Luego de las
peripecias de intentar viajar a Cuba desde los Estados Unidos, finalmente lo
logré. Había pedido permiso al Departamento del Tesoro, encargado del embargo,
para viajar con fines culturales, como jurado del premio literario Casa de las
Américas, a La Habana. Contestaron con un patético: «no creemos que hay
suficientes motivos válidos para su viaje». Tomé la opción de los duchos: la
ida a través de México. Como resultado, aparecí a los pocos días en la
bellísima tierra cubana, en una ciudad indescriptible.
En ambiente que
quizá no tenga par, de amistad, de gentileza, de tradición si se quiere, los
jurados comenzamos a trabajar en la Casa, en Cienfuegos y de retorno a la
capital. Debo decir que me sorprendió el nivel de las obras participantes. Lo
he dicho en prensa: hubo novelas que no fueron siquiera seleccionadas cuya
calidad excedía mucho material impreso y comercial en la América nuestra. Y ahí
cabe destacar el papel —valor— fundamental de este premio en las letras
latinoamericanas y los nombres que ha dado a la historia.
Entre las novelas
que se me asignaron había una —la que preferí—, no voluminosa, dinámica, ágil,
atrevida, con párrafos breves y páginas y páginas de oraciones que
representaban ideas y modelaban un personaje.
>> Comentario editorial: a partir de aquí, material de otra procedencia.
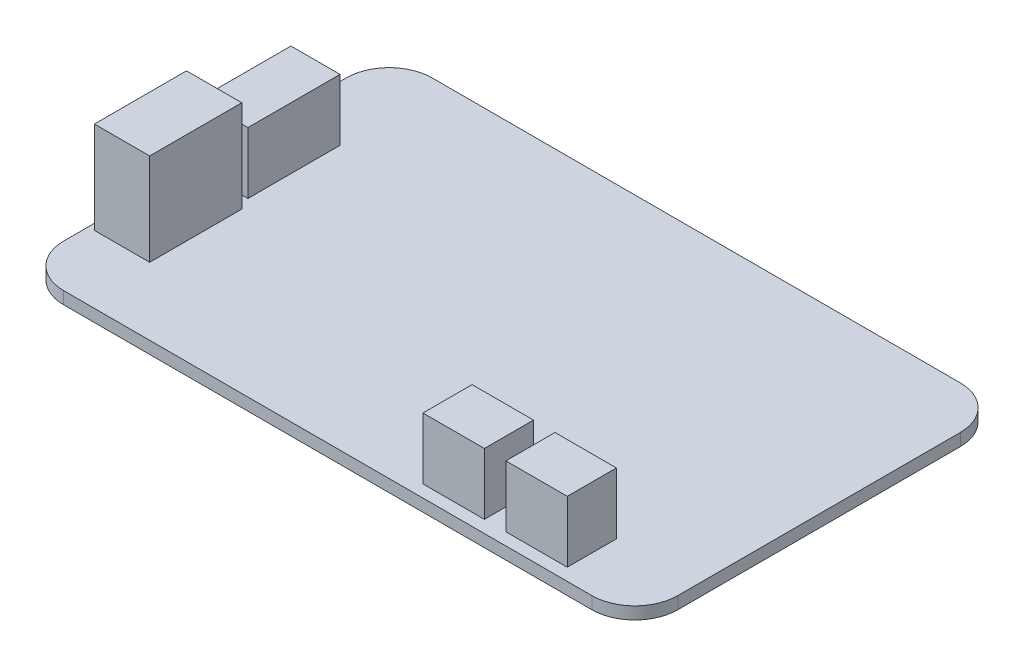
ISO-10303-21;
HEADER;
FILE_DESCRIPTION(('STEP AP214'),'2;1');
FILE_NAME('part.step','',(''),(''),'','','');
FILE_SCHEMA(('AUTOMOTIVE_DESIGN { 1 0 10303 214 1 1 1 1 }'));
ENDSEC;
DATA;
#1=APPLICATION_CONTEXT('core data for automotive mechanical design processes');
#2=APPLICATION_PROTOCOL_DEFINITION('international standard','automotive_design',2000,#1);
#3=PRODUCT_CONTEXT('',#1,'mechanical');
#4=PRODUCT('Part','Part','',(#3));
#5=PRODUCT_RELATED_PRODUCT_CATEGORY('part','',(#4));
#6=PRODUCT_DEFINITION_FORMATION('','',#4);
#7=PRODUCT_DEFINITION_CONTEXT('part definition',#1,'design');
#8=PRODUCT_DEFINITION('design','',#6,#7);
#9=PRODUCT_DEFINITION_SHAPE('','',#8);
#10=(LENGTH_UNIT() NAMED_UNIT(*) SI_UNIT(.MILLI.,.METRE.));
#11=(NAMED_UNIT(*) PLANE_ANGLE_UNIT() SI_UNIT($,.RADIAN.));
#12=(NAMED_UNIT(*) SI_UNIT($,.STERADIAN.) SOLID_ANGLE_UNIT());
#13=UNCERTAINTY_MEASURE_WITH_UNIT(LENGTH_MEASURE(1.E-05),#10,'distance_accuracy_value','');
#14=(GEOMETRIC_REPRESENTATION_CONTEXT(3) GLOBAL_UNCERTAINTY_ASSIGNED_CONTEXT((#13)) GLOBAL_UNIT_ASSIGNED_CONTEXT((#10,
#11,#12)) REPRESENTATION_CONTEXT('',''));
#15=CARTESIAN_POINT('',(0.,0.,0.));
#16=DIRECTION('',(0.,0.,1.));
#17=DIRECTION('',(1.,0.,0.));
#18=AXIS2_PLACEMENT_3D('',#15,#16,#17);
#19=CARTESIAN_POINT('',(0.,2.,0.));
#20=DIRECTION('',(0.,1.,0.));
#21=DIRECTION('',(0.,0.,1.));
#22=AXIS2_PLACEMENT_3D('',#19,#20,#21);
#23=PLANE('',#22);
#24=DIRECTION('',(0.,0.,1.));
#25=VECTOR('',#24,1.);
#26=CARTESIAN_POINT('',(-50.,2.,-30.));
#27=LINE('',#26,#25);
#28=CARTESIAN_POINT('',(-50.,2.,-23.));
#29=VERTEX_POINT('',#28);
#30=CARTESIAN_POINT('',(-50.,2.,23.));
#31=VERTEX_POINT('',#30);
#32=EDGE_CURVE('E358',#29,#31,#27,.T.);
#33=ORIENTED_EDGE('',*,*,#32,.T.);
#34=CARTESIAN_POINT('',(-43.,2.,23.));
#35=DIRECTION('',(0.,1.,0.));
#36=DIRECTION('',(0.,0.,1.));
#37=AXIS2_PLACEMENT_3D('',#34,#35,#36);
#38=CIRCLE('',#37,7.);
#39=CARTESIAN_POINT('',(-43.,2.,30.));
#40=VERTEX_POINT('',#39);
#41=EDGE_CURVE('E11',#31,#40,#38,.T.);
#42=ORIENTED_EDGE('',*,*,#41,.T.);
#43=DIRECTION('',(1.,0.,0.));
#44=VECTOR('',#43,1.);
#45=CARTESIAN_POINT('',(-50.,2.,30.));
#46=LINE('',#45,#44);
#47=CARTESIAN_POINT('',(43.,2.,30.));
#48=VERTEX_POINT('',#47);
#49=EDGE_CURVE('E362',#40,#48,#46,.T.);
#50=ORIENTED_EDGE('',*,*,#49,.T.);
#51=CARTESIAN_POINT('',(43.,2.,23.));
#52=DIRECTION('',(0.,1.,0.));
#53=DIRECTION('',(0.,0.,1.));
#54=AXIS2_PLACEMENT_3D('',#51,#52,#53);
#55=CIRCLE('',#54,7.);
#56=CARTESIAN_POINT('',(50.,2.,23.));
#57=VERTEX_POINT('',#56);
#58=EDGE_CURVE('E399',#48,#57,#55,.T.);
#59=ORIENTED_EDGE('',*,*,#58,.T.);
#60=DIRECTION('',(0.,0.,-1.));
#61=VECTOR('',#60,1.);
#62=CARTESIAN_POINT('',(50.,2.,-30.));
#63=LINE('',#62,#61);
#64=CARTESIAN_POINT('',(50.,2.,-23.));
#65=VERTEX_POINT('',#64);
#66=EDGE_CURVE('E366',#57,#65,#63,.T.);
#67=ORIENTED_EDGE('',*,*,#66,.T.);
#68=CARTESIAN_POINT('',(43.,2.,-23.));
#69=DIRECTION('',(0.,1.,0.));
#70=DIRECTION('',(0.,0.,1.));
#71=AXIS2_PLACEMENT_3D('',#68,#69,#70);
#72=CIRCLE('',#71,7.);
#73=CARTESIAN_POINT('',(43.,2.,-30.));
#74=VERTEX_POINT('',#73);
#75=EDGE_CURVE('E413',#65,#74,#72,.T.);
#76=ORIENTED_EDGE('',*,*,#75,.T.);
#77=DIRECTION('',(-1.,0.,0.));
#78=VECTOR('',#77,1.);
#79=CARTESIAN_POINT('',(-50.,2.,-30.));
#80=LINE('',#79,#78);
#81=CARTESIAN_POINT('',(-43.,2.,-30.));
#82=VERTEX_POINT('',#81);
#83=EDGE_CURVE('E370',#74,#82,#80,.T.);
#84=ORIENTED_EDGE('',*,*,#83,.T.);
#85=CARTESIAN_POINT('',(-43.,2.,-23.));
#86=DIRECTION('',(0.,1.,0.));
#87=DIRECTION('',(0.,0.,1.));
#88=AXIS2_PLACEMENT_3D('',#85,#86,#87);
#89=CIRCLE('',#88,7.);
#90=EDGE_CURVE('E427',#82,#29,#89,.T.);
#91=ORIENTED_EDGE('',*,*,#90,.T.);
#92=EDGE_LOOP('',(#33,#42,#50,#59,#67,#76,#84,#91));
#93=FACE_BOUND('',#92,.T.);
#94=DIRECTION('',(1.,0.,0.));
#95=VECTOR('',#94,1.);
#96=CARTESIAN_POINT('',(-49.,2.,2.));
#97=LINE('',#96,#95);
#98=CARTESIAN_POINT('',(-49.,2.,2.));
#99=VERTEX_POINT('',#98);
#100=CARTESIAN_POINT('',(-41.,2.,2.));
#101=VERTEX_POINT('',#100);
#102=EDGE_CURVE('E335',#99,#101,#97,.T.);
#103=ORIENTED_EDGE('',*,*,#102,.F.);
#104=DIRECTION('',(0.,0.,1.));
#105=VECTOR('',#104,1.);
#106=CARTESIAN_POINT('',(-49.,2.,-13.));
#107=LINE('',#106,#105);
#108=CARTESIAN_POINT('',(-49.,2.,-13.));
#109=VERTEX_POINT('',#108);
#110=EDGE_CURVE('E316',#109,#99,#107,.T.);
#111=ORIENTED_EDGE('',*,*,#110,.F.);
#112=DIRECTION('',(-1.,0.,0.));
#113=VECTOR('',#112,1.);
#114=CARTESIAN_POINT('',(-49.,2.,-13.));
#115=LINE('',#114,#113);
#116=CARTESIAN_POINT('',(-41.,2.,-13.));
#117=VERTEX_POINT('',#116);
#118=EDGE_CURVE('E322',#117,#109,#115,.T.);
#119=ORIENTED_EDGE('',*,*,#118,.F.);
#120=DIRECTION('',(0.,0.,-1.));
#121=VECTOR('',#120,1.);
#122=CARTESIAN_POINT('',(-41.,2.,-13.));
#123=LINE('',#122,#121);
#124=EDGE_CURVE('E338',#101,#117,#123,.T.);
#125=ORIENTED_EDGE('',*,*,#124,.F.);
#126=EDGE_LOOP('',(#103,#111,#119,#125));
#127=FACE_BOUND('',#126,.T.);
#128=DIRECTION('',(1.,0.,0.));
#129=VECTOR('',#128,1.);
#130=CARTESIAN_POINT('',(-49.,2.,19.));
#131=LINE('',#130,#129);
#132=CARTESIAN_POINT('',(-49.,2.,19.));
#133=VERTEX_POINT('',#132);
#134=CARTESIAN_POINT('',(-40.,2.,19.));
#135=VERTEX_POINT('',#134);
#136=EDGE_CURVE('E294',#133,#135,#131,.T.);
#137=ORIENTED_EDGE('',*,*,#136,.F.);
#138=DIRECTION('',(0.,0.,1.));
#139=VECTOR('',#138,1.);
#140=CARTESIAN_POINT('',(-49.,2.,4.));
#141=LINE('',#140,#139);
#142=CARTESIAN_POINT('',(-49.,2.,4.));
#143=VERTEX_POINT('',#142);
#144=EDGE_CURVE('E275',#143,#133,#141,.T.);
#145=ORIENTED_EDGE('',*,*,#144,.F.);
#146=DIRECTION('',(-1.,0.,0.));
#147=VECTOR('',#146,1.);
#148=CARTESIAN_POINT('',(-49.,2.,4.));
#149=LINE('',#148,#147);
#150=CARTESIAN_POINT('',(-40.,2.,4.));
#151=VERTEX_POINT('',#150);
#152=EDGE_CURVE('E281',#151,#143,#149,.T.);
#153=ORIENTED_EDGE('',*,*,#152,.F.);
#154=DIRECTION('',(0.,0.,-1.));
#155=VECTOR('',#154,1.);
#156=CARTESIAN_POINT('',(-40.,2.,4.));
#157=LINE('',#156,#155);
#158=EDGE_CURVE('E297',#135,#151,#157,.T.);
#159=ORIENTED_EDGE('',*,*,#158,.F.);
#160=EDGE_LOOP('',(#137,#145,#153,#159));
#161=FACE_BOUND('',#160,.T.);
#162=DIRECTION('',(1.,0.,0.));
#163=VECTOR('',#162,1.);
#164=CARTESIAN_POINT('',(27.,2.,28.));
#165=LINE('',#164,#163);
#166=CARTESIAN_POINT('',(27.,2.,28.));
#167=VERTEX_POINT('',#166);
#168=CARTESIAN_POINT('',(37.,2.,28.));
#169=VERTEX_POINT('',#168);
#170=EDGE_CURVE('E236',#167,#169,#165,.T.);
#171=ORIENTED_EDGE('',*,*,#170,.F.);
#172=DIRECTION('',(0.,0.,1.));
#173=VECTOR('',#172,1.);
#174=CARTESIAN_POINT('',(27.,2.,20.));
#175=LINE('',#174,#173);
#176=CARTESIAN_POINT('',(27.,2.,20.));
#177=VERTEX_POINT('',#176);
#178=EDGE_CURVE('E231',#177,#167,#175,.T.);
#179=ORIENTED_EDGE('',*,*,#178,.F.);
#180=DIRECTION('',(-1.,0.,0.));
#181=VECTOR('',#180,1.);
#182=CARTESIAN_POINT('',(27.,2.,20.));
#183=LINE('',#182,#181);
#184=CARTESIAN_POINT('',(37.,2.,20.));
#185=VERTEX_POINT('',#184);
#186=EDGE_CURVE('E246',#185,#177,#183,.T.);
#187=ORIENTED_EDGE('',*,*,#186,.F.);
#188=DIRECTION('',(0.,0.,-1.));
#189=VECTOR('',#188,1.);
#190=CARTESIAN_POINT('',(37.,2.,20.));
#191=LINE('',#190,#189);
#192=EDGE_CURVE('E258',#169,#185,#191,.T.);
#193=ORIENTED_EDGE('',*,*,#192,.F.);
#194=EDGE_LOOP('',(#171,#179,#187,#193));
#195=FACE_BOUND('',#194,.T.);
#196=DIRECTION('',(0.,0.,1.));
#197=VECTOR('',#196,1.);
#198=CARTESIAN_POINT('',(13.5,2.,20.));
#199=LINE('',#198,#197);
#200=CARTESIAN_POINT('',(13.5,2.,20.));
#201=VERTEX_POINT('',#200);
#202=CARTESIAN_POINT('',(13.5,2.,28.));
#203=VERTEX_POINT('',#202);
#204=EDGE_CURVE('E489',#201,#203,#199,.T.);
#205=ORIENTED_EDGE('',*,*,#204,.F.);
#206=DIRECTION('',(-1.,0.,0.));
#207=VECTOR('',#206,1.);
#208=CARTESIAN_POINT('',(23.5,2.,20.));
#209=LINE('',#208,#207);
#210=CARTESIAN_POINT('',(23.5,2.,20.));
#211=VERTEX_POINT('',#210);
#212=EDGE_CURVE('E228',#211,#201,#209,.T.);
#213=ORIENTED_EDGE('',*,*,#212,.F.);
#214=DIRECTION('',(0.,0.,-1.));
#215=VECTOR('',#214,1.);
#216=CARTESIAN_POINT('',(23.5,2.,20.));
#217=LINE('',#216,#215);
#218=CARTESIAN_POINT('',(23.5,2.,28.));
#219=VERTEX_POINT('',#218);
#220=EDGE_CURVE('E224',#219,#211,#217,.T.);
#221=ORIENTED_EDGE('',*,*,#220,.F.);
#222=DIRECTION('',(1.,0.,0.));
#223=VECTOR('',#222,1.);
#224=CARTESIAN_POINT('',(23.5,2.,28.));
#225=LINE('',#224,#223);
#226=EDGE_CURVE('E491',#203,#219,#225,.T.);
#227=ORIENTED_EDGE('',*,*,#226,.F.);
#228=EDGE_LOOP('',(#205,#213,#221,#227));
#229=FACE_BOUND('',#228,.T.);
#230=ADVANCED_FACE('F41',(#93,#127,#161,#195,#229),#23,.T.);
#231=CARTESIAN_POINT('',(-43.,2.,23.));
#232=DIRECTION('',(0.,1.,0.));
#233=DIRECTION('',(0.,0.,1.));
#234=AXIS2_PLACEMENT_3D('',#231,#232,#233);
#235=CYLINDRICAL_SURFACE('',#234,7.);
#236=DIRECTION('',(0.,1.,0.));
#237=VECTOR('',#236,1.);
#238=CARTESIAN_POINT('',(-50.,2.,23.));
#239=LINE('',#238,#237);
#240=CARTESIAN_POINT('',(-50.,0.,23.));
#241=VERTEX_POINT('',#240);
#242=EDGE_CURVE('E430',#241,#31,#239,.T.);
#243=ORIENTED_EDGE('',*,*,#242,.F.);
#244=CARTESIAN_POINT('',(-43.,0.,23.));
#245=DIRECTION('',(0.,1.,0.));
#246=DIRECTION('',(0.,0.,1.));
#247=AXIS2_PLACEMENT_3D('',#244,#245,#246);
#248=CIRCLE('',#247,7.);
#249=CARTESIAN_POINT('',(-43.,0.,30.));
#250=VERTEX_POINT('',#249);
#251=EDGE_CURVE('E50',#250,#241,#248,.F.);
#252=ORIENTED_EDGE('',*,*,#251,.F.);
#253=DIRECTION('',(0.,1.,0.));
#254=VECTOR('',#253,1.);
#255=CARTESIAN_POINT('',(-43.,2.,30.));
#256=LINE('',#255,#254);
#257=EDGE_CURVE('E434',#40,#250,#256,.F.);
#258=ORIENTED_EDGE('',*,*,#257,.F.);
#259=ORIENTED_EDGE('',*,*,#41,.F.);
#260=EDGE_LOOP('',(#243,#252,#258,#259));
#261=FACE_BOUND('',#260,.T.);
#262=ADVANCED_FACE('F43',(#261),#235,.T.);
#263=CARTESIAN_POINT('',(-43.,2.,-23.));
#264=DIRECTION('',(0.,1.,0.));
#265=DIRECTION('',(0.,0.,1.));
#266=AXIS2_PLACEMENT_3D('',#263,#264,#265);
#267=CYLINDRICAL_SURFACE('',#266,7.);
#268=DIRECTION('',(0.,1.,0.));
#269=VECTOR('',#268,1.);
#270=CARTESIAN_POINT('',(-43.,2.,-30.));
#271=LINE('',#270,#269);
#272=CARTESIAN_POINT('',(-43.,0.,-30.));
#273=VERTEX_POINT('',#272);
#274=EDGE_CURVE('E416',#273,#82,#271,.T.);
#275=ORIENTED_EDGE('',*,*,#274,.F.);
#276=CARTESIAN_POINT('',(-43.,0.,-23.));
#277=DIRECTION('',(0.,1.,0.));
#278=DIRECTION('',(0.,0.,1.));
#279=AXIS2_PLACEMENT_3D('',#276,#277,#278);
#280=CIRCLE('',#279,7.);
#281=CARTESIAN_POINT('',(-50.,0.,-23.));
#282=VERTEX_POINT('',#281);
#283=EDGE_CURVE('E424',#282,#273,#280,.F.);
#284=ORIENTED_EDGE('',*,*,#283,.F.);
#285=DIRECTION('',(0.,1.,0.));
#286=VECTOR('',#285,1.);
#287=CARTESIAN_POINT('',(-50.,2.,-23.));
#288=LINE('',#287,#286);
#289=EDGE_CURVE('E420',#29,#282,#288,.F.);
#290=ORIENTED_EDGE('',*,*,#289,.F.);
#291=ORIENTED_EDGE('',*,*,#90,.F.);
#292=EDGE_LOOP('',(#275,#284,#290,#291));
#293=FACE_BOUND('',#292,.T.);
#294=ADVANCED_FACE('F451',(#293),#267,.T.);
#295=CARTESIAN_POINT('',(43.,2.,-23.));
#296=DIRECTION('',(0.,1.,0.));
#297=DIRECTION('',(0.,0.,1.));
#298=AXIS2_PLACEMENT_3D('',#295,#296,#297);
#299=CYLINDRICAL_SURFACE('',#298,7.);
#300=DIRECTION('',(0.,1.,0.));
#301=VECTOR('',#300,1.);
#302=CARTESIAN_POINT('',(50.,2.,-23.));
#303=LINE('',#302,#301);
#304=CARTESIAN_POINT('',(50.,0.,-23.));
#305=VERTEX_POINT('',#304);
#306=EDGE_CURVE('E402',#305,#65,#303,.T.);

Entre densos libros, de sólida argumentación
y destacado tratamiento narrativo, me incliné por Los hijos soñolientos del
abismo, de Geovannys Manso, escritor villaclareño de quien no había
escuchado antes, por el desafío estilístico y su paradójica sobriedad, amén del
suspenso por llegar al desenlace.
Preguntarme el
por qué la elección ante un cúmulo de novelística diversa y rica alude a mi
condición de lector, antes que jurado. Y es que los capítulos de esta extraña
producción literaria cargan tal soltura que la noche en que la empecé y la
terminé fue un paseo por una prosa admirable, cargada de ideas, plena de
sensaciones, donde la pausa no está dada por vacíos de calidad o inútiles
rellenos, sino por el aire que debe uno tomar para continuar en una carrera que
se debe terminar para conocer su epílogo. Difícil tarea la del autor, tomando
en cuenta que no hay una estructuración argumental clásica, y sí
experimentación verbal, usufructo de materiales de ciencias como la medicina,
de lógica matemática, de profundidad filosófica y sarcasmo natural.
En un diario que
marca los días, semana a semana, y que alterna con historias que no pertenecen
al detalle cronológico, Geovannys Manso escribe una novela inteligente, de gran
desenfado y humor, negro y ácido a menudo, con conversaciones intertextuales y flashes
del pasado en una perspectiva de presente vacío: «Miró a su alrededor, y
descubrió que sí: que el vacío existe».
No prosigo porque
sería quitarle esa intriga que persigue al lector a lo largo de las páginas.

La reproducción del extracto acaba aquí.